If you have a look at the photo below, I've got some holes in the Kitchen wall (caused by a leaking Shower Recess on the other side... :Frown: ) that need to be filled with Builder's Bog. Trouble is, they're of a fair size and in a highly visible area. So it's not going to be easy (well, not for me anyway... :Cool: ) to get a nice un-wavy final surface on them. 
The main problem is that the stuff is *awfully* sticky, and doesn't really like to let-go of anything you use to trowel it on with, except for maybe those small plastic spatula-thingies that they give you with the cans. But they're nowhere near as wide as the holes in question that need to be filled.
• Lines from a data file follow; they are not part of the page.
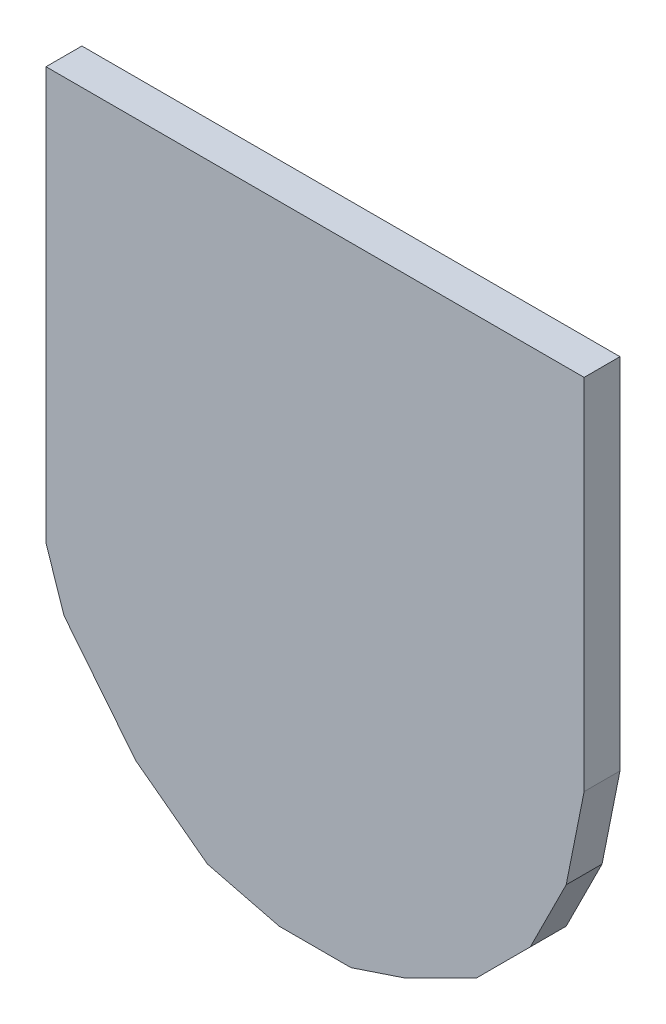
ISO-10303-21;
HEADER;
FILE_DESCRIPTION(('STEP AP214'),'2;1');
FILE_NAME('part.step','',(''),(''),'','','');
FILE_SCHEMA(('AUTOMOTIVE_DESIGN { 1 0 10303 214 1 1 1 1 }'));
ENDSEC;
DATA;
#1=APPLICATION_CONTEXT('core data for automotive mechanical design processes');
#2=APPLICATION_PROTOCOL_DEFINITION('international standard','automotive_design',2000,#1);
#3=PRODUCT_CONTEXT('',#1,'mechanical');
#4=PRODUCT('Part','Part','',(#3));
#5=PRODUCT_RELATED_PRODUCT_CATEGORY('part','',(#4));
#6=PRODUCT_DEFINITION_FORMATION('','',#4);
#7=PRODUCT_DEFINITION_CONTEXT('part definition',#1,'design');
#8=PRODUCT_DEFINITION('design','',#6,#7);
#9=PRODUCT_DEFINITION_SHAPE('','',#8);
#10=(LENGTH_UNIT() NAMED_UNIT(*) SI_UNIT(.MILLI.,.METRE.));
#11=(NAMED_UNIT(*) PLANE_ANGLE_UNIT() SI_UNIT($,.RADIAN.));
#12=(NAMED_UNIT(*) SI_UNIT($,.STERADIAN.) SOLID_ANGLE_UNIT());
#13=UNCERTAINTY_MEASURE_WITH_UNIT(LENGTH_MEASURE(1.E-05),#10,'distance_accuracy_value','');
#14=(GEOMETRIC_REPRESENTATION_CONTEXT(3) GLOBAL_UNCERTAINTY_ASSIGNED_CONTEXT((#13)) GLOBAL_UNIT_ASSIGNED_CONTEXT((#10,
#11,#12)) REPRESENTATION_CONTEXT('',''));
#15=CARTESIAN_POINT('',(0.,0.,0.));
#16=DIRECTION('',(0.,0.,1.));
#17=DIRECTION('',(1.,0.,0.));
#18=AXIS2_PLACEMENT_3D('',#15,#16,#17);
#19=CARTESIAN_POINT('',(0.1499997,0.17500092,0.02));
#20=DIRECTION('',(0.,0.,1.));
#21=DIRECTION('',(1.,0.,0.));
#22=AXIS2_PLACEMENT_3D('',#19,#20,#21);
#23=PLANE('',#22);
#24=DIRECTION('',(0.196068236745948,0.98059025415274,0.));
#25=VECTOR('',#24,1.);
#26=CARTESIAN_POINT('',(0.1499997,-0.02499868,0.02));
#27=LINE('',#26,#25);
#28=CARTESIAN_POINT('',(0.1499997,-0.0249986800000003,0.02));
#29=VERTEX_POINT('',#28);
#30=CARTESIAN_POINT('',(0.140002260000001,-0.0749985800000001,0.02));
#31=VERTEX_POINT('',#30);
#32=EDGE_CURVE('E218',#29,#31,#27,.F.);
#33=ORIENTED_EDGE('',*,*,#32,.F.);
#34=DIRECTION('',(0.,1.,0.));
#35=VECTOR('',#34,1.);
#36=CARTESIAN_POINT('',(0.1499997,0.17500092,0.02));
#37=LINE('',#36,#35);
#38=CARTESIAN_POINT('',(0.1499997,0.17500092,0.02));
#39=VERTEX_POINT('',#38);
#40=EDGE_CURVE('E156',#39,#29,#37,.F.);
#41=ORIENTED_EDGE('',*,*,#40,.F.);
#42=DIRECTION('',(1.,0.,0.));
#43=VECTOR('',#42,1.);
#44=CARTESIAN_POINT('',(-0.1499997,0.17500092,0.02));
#45=LINE('',#44,#43);
#46=CARTESIAN_POINT('',(-0.1499997,0.17500092,0.02));
#47=VERTEX_POINT('',#46);
#48=EDGE_CURVE('E132',#47,#39,#45,.T.);
#49=ORIENTED_EDGE('',*,*,#48,.F.);
#50=DIRECTION('',(0.,1.,0.));
#51=VECTOR('',#50,1.);
#52=CARTESIAN_POINT('',(-0.1499997,-0.02499868,0.02));
#53=LINE('',#52,#51);
#54=CARTESIAN_POINT('',(-0.149999699999994,-0.0249986800952127,0.02));
#55=VERTEX_POINT('',#54);
#56=EDGE_CURVE('E129',#55,#47,#53,.T.);
#57=ORIENTED_EDGE('',*,*,#56,.F.);
#58=DIRECTION('',(8.466683559677E-05,-0.999999996415764,0.));
#59=VECTOR('',#58,1.);
#60=CARTESIAN_POINT('',(-0.14999716,-0.05499861999999,0.02));
#61=LINE('',#60,#59);
#62=CARTESIAN_POINT('',(-0.149997160000005,-0.0549986200000074,0.02));
#63=VERTEX_POINT('',#62);
#64=EDGE_CURVE('E20',#63,#55,#61,.F.);
#65=ORIENTED_EDGE('',*,*,#64,.F.);
#66=DIRECTION('',(0.316227766017138,-0.948683298050414,0.));
#67=VECTOR('',#66,1.);
#68=CARTESIAN_POINT('',(-0.13999718,-0.08499855999999,0.02));
#69=LINE('',#68,#67);
#70=CARTESIAN_POINT('',(-0.139997180000001,-0.0849985599999537,0.02));
#71=VERTEX_POINT('',#70);
#72=EDGE_CURVE('E114',#71,#63,#69,.F.);
#73=ORIENTED_EDGE('',*,*,#72,.F.);
#74=DIRECTION('',(0.62469504755418,-0.780868809443225,0.));
#75=VECTOR('',#74,1.);
#76=CARTESIAN_POINT('',(-0.09999725999999,-0.13499846,0.02));
#77=LINE('',#76,#75);
#78=CARTESIAN_POINT('',(-0.0999972599999898,-0.13499846,0.02));
#79=VERTEX_POINT('',#78);
#80=EDGE_CURVE('E168',#79,#71,#77,.F.);
#81=ORIENTED_EDGE('',*,*,#80,.F.);
#82=DIRECTION('',(0.8,-0.6,0.));
#83=VECTOR('',#82,1.);
#84=CARTESIAN_POINT('',(-0.05999734,-0.1649984,0.02));
#85=LINE('',#84,#83);
#86=CARTESIAN_POINT('',(-0.0599973400000006,-0.164998400000002,0.02));
#87=VERTEX_POINT('',#86);
#88=EDGE_CURVE('E173',#87,#79,#85,.F.);
#89=ORIENTED_EDGE('',*,*,#88,.F.);
#90=DIRECTION('',(0.970142500145391,-0.242535625036098,0.));
#91=VECTOR('',#90,1.);
#92=CARTESIAN_POINT('',(-0.01999742,-0.17499838,0.02));
#93=LINE('',#92,#91);
#94=CARTESIAN_POINT('',(-0.01999742,-0.17499838,0.02));
#95=VERTEX_POINT('',#94);
#96=EDGE_CURVE('E179',#95,#87,#93,.F.);
#97=ORIENTED_EDGE('',*,*,#96,.F.);
#98=DIRECTION('',(1.,0.,0.));
#99=VECTOR('',#98,1.);
#100=CARTESIAN_POINT('',(0.0200025,-0.17499838,0.02));
#101=LINE('',#100,#99);
#102=CARTESIAN_POINT('',(0.020002500000001,-0.174998380000002,0.02));
#103=VERTEX_POINT('',#102);
#104=EDGE_CURVE('E198',#103,#95,#101,.F.);
#105=ORIENTED_EDGE('',*,*,#104,.F.);
#106=DIRECTION('',(0.948683298050414,0.316227766017138,0.));
#107=VECTOR('',#106,1.);
#108=CARTESIAN_POINT('',(0.05000244,-0.1649984,0.02));
#109=LINE('',#108,#107);
#110=CARTESIAN_POINT('',(0.0500024400000001,-0.1649984,0.02));
#111=VERTEX_POINT('',#110);
#112=EDGE_CURVE('E202',#111,#103,#109,.F.);
#113=ORIENTED_EDGE('',*,*,#112,.F.);
#114=DIRECTION('',(0.894427190999916,0.447213595499958,0.));
#115=VECTOR('',#114,1.);
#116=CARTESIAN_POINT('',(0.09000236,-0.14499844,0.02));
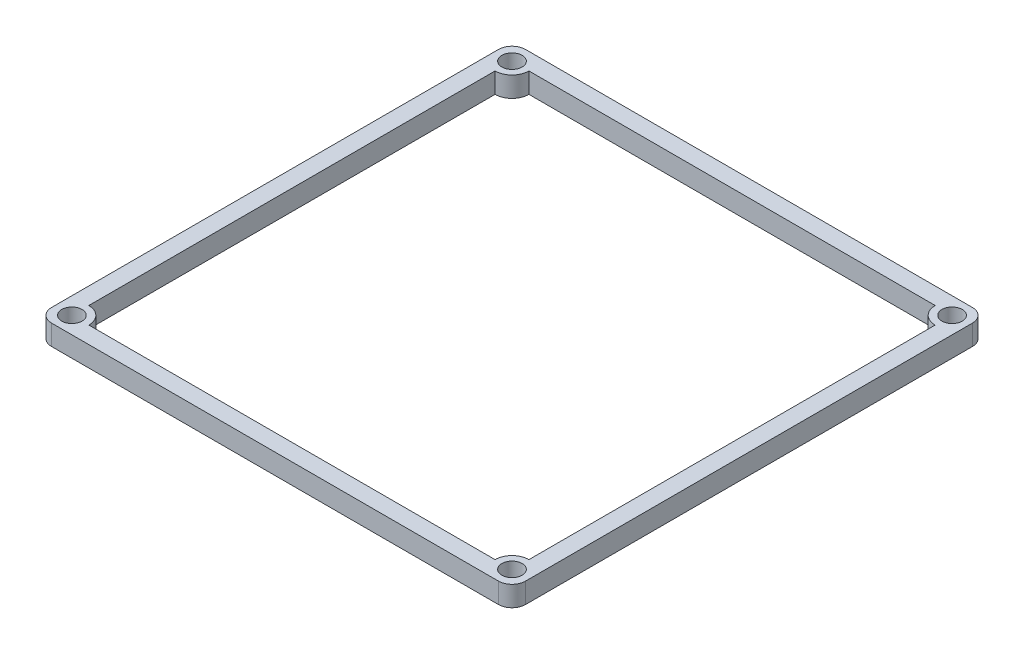
ISO-10303-21;
HEADER;
FILE_DESCRIPTION(('STEP AP214'),'2;1');
FILE_NAME('part.step','',(''),(''),'','','');
FILE_SCHEMA(('AUTOMOTIVE_DESIGN { 1 0 10303 214 1 1 1 1 }'));
ENDSEC;
DATA;
#1=APPLICATION_CONTEXT('core data for automotive mechanical design processes');
#2=APPLICATION_PROTOCOL_DEFINITION('international standard','automotive_design',2000,#1);
#3=PRODUCT_CONTEXT('',#1,'mechanical');
#4=PRODUCT('Part','Part','',(#3));
#5=PRODUCT_RELATED_PRODUCT_CATEGORY('part','',(#4));
#6=PRODUCT_DEFINITION_FORMATION('','',#4);
#7=PRODUCT_DEFINITION_CONTEXT('part definition',#1,'design');
#8=PRODUCT_DEFINITION('design','',#6,#7);
#9=PRODUCT_DEFINITION_SHAPE('','',#8);
#10=(LENGTH_UNIT() NAMED_UNIT(*) SI_UNIT(.MILLI.,.METRE.));
#11=(NAMED_UNIT(*) PLANE_ANGLE_UNIT() SI_UNIT($,.RADIAN.));
#12=(NAMED_UNIT(*) SI_UNIT($,.STERADIAN.) SOLID_ANGLE_UNIT());
#13=UNCERTAINTY_MEASURE_WITH_UNIT(LENGTH_MEASURE(1.E-05),#10,'distance_accuracy_value','');
#14=(GEOMETRIC_REPRESENTATION_CONTEXT(3) GLOBAL_UNCERTAINTY_ASSIGNED_CONTEXT((#13)) GLOBAL_UNIT_ASSIGNED_CONTEXT((#10,
#11,#12)) REPRESENTATION_CONTEXT('',''));
#15=CARTESIAN_POINT('',(0.,0.,0.));
#16=DIRECTION('',(0.,0.,1.));
#17=DIRECTION('',(1.,0.,0.));
#18=AXIS2_PLACEMENT_3D('',#15,#16,#17);
#19=CARTESIAN_POINT('',(0.,3.,0.));
#20=DIRECTION('',(0.,1.,0.));
#21=DIRECTION('',(0.,0.,1.));
#22=AXIS2_PLACEMENT_3D('',#19,#20,#21);
#23=PLANE('',#22);
#24=CARTESIAN_POINT('',(32.5000000000007,3.,32.5));
#25=DIRECTION('',(0.,1.,0.));
#26=DIRECTION('',(0.,0.,1.));
#27=AXIS2_PLACEMENT_3D('',#24,#25,#26);
#28=CIRCLE('',#27,2.5);
#29=CARTESIAN_POINT('',(30.0000000000007,3.,32.5));
#30=VERTEX_POINT('',#29);
#31=CARTESIAN_POINT('',(32.5000000000007,3.,30.));
#32=VERTEX_POINT('',#31);
#33=EDGE_CURVE('E182',#30,#32,#28,.F.);
#34=ORIENTED_EDGE('',*,*,#33,.F.);
#35=DIRECTION('',(-1.,0.,0.));
#36=VECTOR('',#35,1.);
#37=CARTESIAN_POINT('',(0.,3.,32.5));
#38=LINE('',#37,#36);
#39=CARTESIAN_POINT('',(-29.9999999999993,3.,32.5));
#40=VERTEX_POINT('',#39);
#41=EDGE_CURVE('E49',#30,#40,#38,.T.);
#42=ORIENTED_EDGE('',*,*,#41,.T.);
#43=CARTESIAN_POINT('',(-32.4999999999993,3.,32.5));
#44=DIRECTION('',(0.,1.,0.));
#45=DIRECTION('',(0.,0.,1.));
#46=AXIS2_PLACEMENT_3D('',#43,#44,#45);
#47=CIRCLE('',#46,2.5);
#48=CARTESIAN_POINT('',(-32.4999999999993,3.,30.));
#49=VERTEX_POINT('',#48);
#50=EDGE_CURVE('E164',#40,#49,#47,.T.);
#51=ORIENTED_EDGE('',*,*,#50,.T.);
#52=DIRECTION('',(0.,0.,-1.));
#53=VECTOR('',#52,1.);
#54=CARTESIAN_POINT('',(-32.4999999999997,3.,3.68339618065738E-13));
#55=LINE('',#54,#53);
#56=CARTESIAN_POINT('',(-32.5,3.,-30.));
#57=VERTEX_POINT('',#56);
#58=EDGE_CURVE('E167',#49,#57,#55,.T.);
#59=ORIENTED_EDGE('',*,*,#58,.T.);
#60=CARTESIAN_POINT('',(-32.5,3.,-32.5));
#61=DIRECTION('',(0.,1.,0.));
#62=DIRECTION('',(0.,0.,1.));
#63=AXIS2_PLACEMENT_3D('',#60,#61,#62);
#64=CIRCLE('',#63,2.5);
#65=CARTESIAN_POINT('',(-30.,3.,-32.5));
#66=VERTEX_POINT('',#65);
#67=EDGE_CURVE('E193',#57,#66,#64,.T.);
#68=ORIENTED_EDGE('',*,*,#67,.T.);
#69=DIRECTION('',(1.,0.,0.));
#70=VECTOR('',#69,1.);
#71=CARTESIAN_POINT('',(0.,3.,-32.5));
#72=LINE('',#71,#70);
#73=CARTESIAN_POINT('',(30.,3.,-32.5));
#74=VERTEX_POINT('',#73);
#75=EDGE_CURVE('E190',#66,#74,#72,.T.);
#76=ORIENTED_EDGE('',*,*,#75,.T.);
#77=CARTESIAN_POINT('',(32.5,3.,-32.5));
#78=DIRECTION('',(0.,1.,0.));
#79=DIRECTION('',(0.,0.,1.));
#80=AXIS2_PLACEMENT_3D('',#77,#78,#79);
#81=CIRCLE('',#80,2.5);
#82=CARTESIAN_POINT('',(32.5,3.,-30.));
#83=VERTEX_POINT('',#82);
#84=EDGE_CURVE('E187',#83,#74,#81,.F.);
#85=ORIENTED_EDGE('',*,*,#84,.F.);
#86=DIRECTION('',(0.,0.,1.));
#87=VECTOR('',#86,1.);
#88=CARTESIAN_POINT('',(32.5000000000003,3.,-3.68339618065746E-13));
#89=LINE('',#88,#87);
#90=EDGE_CURVE('E184',#83,#32,#89,.T.);
#91=ORIENTED_EDGE('',*,*,#90,.T.);
#92=EDGE_LOOP('',(#34,#42,#51,#59,#68,#76,#85,#91));
#93=FACE_BOUND('',#92,.T.);
#94=CARTESIAN_POINT('',(32.5000000000007,3.,32.5));
#95=DIRECTION('',(0.,1.,0.));
#96=DIRECTION('',(0.,0.,1.));
#97=AXIS2_PLACEMENT_3D('',#94,#95,#96);
#98=CIRCLE('',#97,1.5);
#99=CARTESIAN_POINT('',(32.5000000000007,3.,34.));
#100=VERTEX_POINT('',#99);
#101=EDGE_CURVE('E218',#100,#100,#98,.T.);
#102=ORIENTED_EDGE('',*,*,#101,.F.);
#103=EDGE_LOOP('',(#102));
#104=FACE_BOUND('',#103,.T.);
#105=CARTESIAN_POINT('',(-32.5,3.,-32.5));
#106=DIRECTION('',(0.,1.,0.));
#107=DIRECTION('',(0.,0.,1.));
#108=AXIS2_PLACEMENT_3D('',#105,#106,#107);
#109=CIRCLE('',#108,1.5);
#110=CARTESIAN_POINT('',(-32.5,3.,-31.));
#111=VERTEX_POINT('',#110);
#112=EDGE_CURVE('E230',#111,#111,#109,.T.);
#113=ORIENTED_EDGE('',*,*,#112,.F.);
#114=EDGE_LOOP('',(#113));
#115=FACE_BOUND('',#114,.T.);
#116=DIRECTION('',(-1.,0.,0.));
#117=VECTOR('',#116,1.);
#118=CARTESIAN_POINT('',(-35.,3.,-35.));
#119=LINE('',#118,#117);
#120=CARTESIAN_POINT('',(33.,3.,-35.));
#121=VERTEX_POINT('',#120);
#122=CARTESIAN_POINT('',(-33.,3.,-35.));
#123=VERTEX_POINT('',#122);
#124=EDGE_CURVE('E239',#121,#123,#119,.T.);
#125=ORIENTED_EDGE('',*,*,#124,.T.);
#126=CARTESIAN_POINT('',(-33.,3.,-33.));
#127=DIRECTION('',(0.,1.,0.));
#128=DIRECTION('',(0.,0.,1.));
#129=AXIS2_PLACEMENT_3D('',#126,#127,#128);
#130=CIRCLE('',#129,2.);
#131=CARTESIAN_POINT('',(-35.,3.,-33.));
#132=VERTEX_POINT('',#131);
#133=EDGE_CURVE('E283',#123,#132,#130,.T.);
#134=ORIENTED_EDGE('',*,*,#133,.T.);
#135=DIRECTION('',(0.,0.,1.));
#136=VECTOR('',#135,1.);
#137=CARTESIAN_POINT('',(-35.,3.,-35.));
#138=LINE('',#137,#136);
#139=CARTESIAN_POINT('',(-35.,3.,33.));
#140=VERTEX_POINT('',#139);
#141=EDGE_CURVE('E243',#132,#140,#138,.T.);
#142=ORIENTED_EDGE('',*,*,#141,.T.);
#143=CARTESIAN_POINT('',(-33.,3.,33.));
#144=DIRECTION('',(0.,1.,0.));
#145=DIRECTION('',(0.,0.,1.));
#146=AXIS2_PLACEMENT_3D('',#143,#144,#145);
#147=CIRCLE('',#146,2.);
#148=CARTESIAN_POINT('',(-33.,3.,35.));
#149=VERTEX_POINT('',#148);
#150=EDGE_CURVE('E277',#140,#149,#147,.T.);
#151=ORIENTED_EDGE('',*,*,#150,.T.);
#152=DIRECTION('',(1.,0.,0.));
#153=VECTOR('',#152,1.);
#154=CARTESIAN_POINT('',(-35.,3.,35.));
#155=LINE('',#154,#153);
#156=CARTESIAN_POINT('',(33.,3.,35.));
#157=VERTEX_POINT('',#156);
#158=EDGE_CURVE('E246',#149,#157,#155,.T.);
#159=ORIENTED_EDGE('',*,*,#158,.T.);
#160=CARTESIAN_POINT('',(33.,3.,33.));
#161=DIRECTION('',(0.,1.,0.));
#162=DIRECTION('',(0.,0.,1.));
#163=AXIS2_PLACEMENT_3D('',#160,#161,#162);
#164=CIRCLE('',#163,2.);
#165=CARTESIAN_POINT('',(35.,3.,33.));
#166=VERTEX_POINT('',#165);
#167=EDGE_CURVE('E279',#157,#166,#164,.T.);
#168=ORIENTED_EDGE('',*,*,#167,.T.);
#169=DIRECTION('',(0.,0.,-1.));
#170=VECTOR('',#169,1.);
#171=CARTESIAN_POINT('',(35.,3.,-35.));
#172=LINE('',#171,#170);
#173=CARTESIAN_POINT('',(35.,3.,-33.));
#174=VERTEX_POINT('',#173);
#175=EDGE_CURVE('E236',#166,#174,#172,.T.);
#176=ORIENTED_EDGE('',*,*,#175,.T.);
#177=CARTESIAN_POINT('',(33.,3.,-33.));
#178=DIRECTION('',(0.,1.,0.));
#179=DIRECTION('',(0.,0.,1.));
#180=AXIS2_PLACEMENT_3D('',#177,#178,#179);
#181=CIRCLE('',#180,2.);
#182=EDGE_CURVE('E281',#174,#121,#181,.T.);
#183=ORIENTED_EDGE('',*,*,#182,.T.);
#184=EDGE_LOOP('',(#125,#134,#142,#151,#159,#168,#176,#183));
#185=FACE_BOUND('',#184,.T.);
#186=CARTESIAN_POINT('',(32.5,3.,-32.5));
#187=DIRECTION('',(0.,1.,0.));
#188=DIRECTION('',(0.,0.,1.));
#189=AXIS2_PLACEMENT_3D('',#186,#187,#188);
#190=CIRCLE('',#189,1.5);
#191=CARTESIAN_POINT('',(32.5,3.,-31.));
#192=VERTEX_POINT('',#191);
#193=EDGE_CURVE('E224',#192,#192,#190,.T.);
#194=ORIENTED_EDGE('',*,*,#193,.F.);
#195=EDGE_LOOP('',(#194));
#196=FACE_BOUND('',#195,.T.);
#197=CARTESIAN_POINT('',(-32.4999999999993,3.,32.5));
#198=DIRECTION('',(0.,1.,0.));
#199=DIRECTION('',(0.,0.,1.));
#200=AXIS2_PLACEMENT_3D('',#197,#198,#199);
#201=CIRCLE('',#200,1.5);
#202=CARTESIAN_POINT('',(-32.4999999999993,3.,34.));
#203=VERTEX_POINT('',#202);
#204=EDGE_CURVE('E212',#203,#203,#201,.T.);
#205=ORIENTED_EDGE('',*,*,#204,.F.);
#206=EDGE_LOOP('',(#205));
#207=FACE_BOUND('',#206,.T.);
#208=ADVANCED_FACE('F34',(#93,#104,#115,#185,#196,#207),#23,.T.);
#209=CARTESIAN_POINT('',(0.,0.,0.));
#210=DIRECTION('',(0.,1.,0.));
#211=DIRECTION('',(0.,0.,1.));
#212=AXIS2_PLACEMENT_3D('',#209,#210,#211);
#213=PLANE('',#212);
#214=DIRECTION('',(-1.,0.,0.));
#215=VECTOR('',#214,1.);
#216=CARTESIAN_POINT('',(0.,0.,32.5));
#217=LINE('',#216,#215);
#218=CARTESIAN_POINT('',(30.0000000000007,0.,32.5));
#219=VERTEX_POINT('',#218);
#220=CARTESIAN_POINT('',(-29.9999999999993,0.,32.5));
#221=VERTEX_POINT('',#220);
#222=EDGE_CURVE('E148',#219,#221,#217,.T.);
#223=ORIENTED_EDGE('',*,*,#222,.F.);
#224=CARTESIAN_POINT('',(32.5000000000007,0.,32.5));
#225=DIRECTION('',(0.,1.,0.));
#226=DIRECTION('',(0.,0.,1.));
#227=AXIS2_PLACEMENT_3D('',#224,#225,#226);
#228=CIRCLE('',#227,2.5);
#229=CARTESIAN_POINT('',(32.5000000000007,0.,30.));
#230=VERTEX_POINT('',#229);
#231=EDGE_CURVE('E154',#219,#230,#228,.F.);
#232=ORIENTED_EDGE('',*,*,#231,.T.);
#233=DIRECTION('',(0.,0.,1.));
#234=VECTOR('',#233,1.);
#235=CARTESIAN_POINT('',(32.5000000000003,0.,-3.68339618065746E-13));
#236=LINE('',#235,#234);
#237=CARTESIAN_POINT('',(32.5,0.,-30.));
#238=VERTEX_POINT('',#237);
#239=EDGE_CURVE('E158',#238,#230,#236,.T.);
#240=ORIENTED_EDGE('',*,*,#239,.F.);
#241=CARTESIAN_POINT('',(32.5,0.,-32.5));
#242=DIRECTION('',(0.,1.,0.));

And if you use something wider - like a short piece of aluminium extrusion as a levelling-spreader - the stuff will stick to it quick-smart, and become almost impossible to remove once dry (which happens pretty quickly... :Doh: ) 
So... My questions to your collective neural knowledge-bases are: 
1) Can you buy bigger, wider aftermarket versions of those little plastic scrapers (that they give you with the cans...), that are made out of the same special plastic that seems to more readily "let go" of the Bog - even when it's dry? 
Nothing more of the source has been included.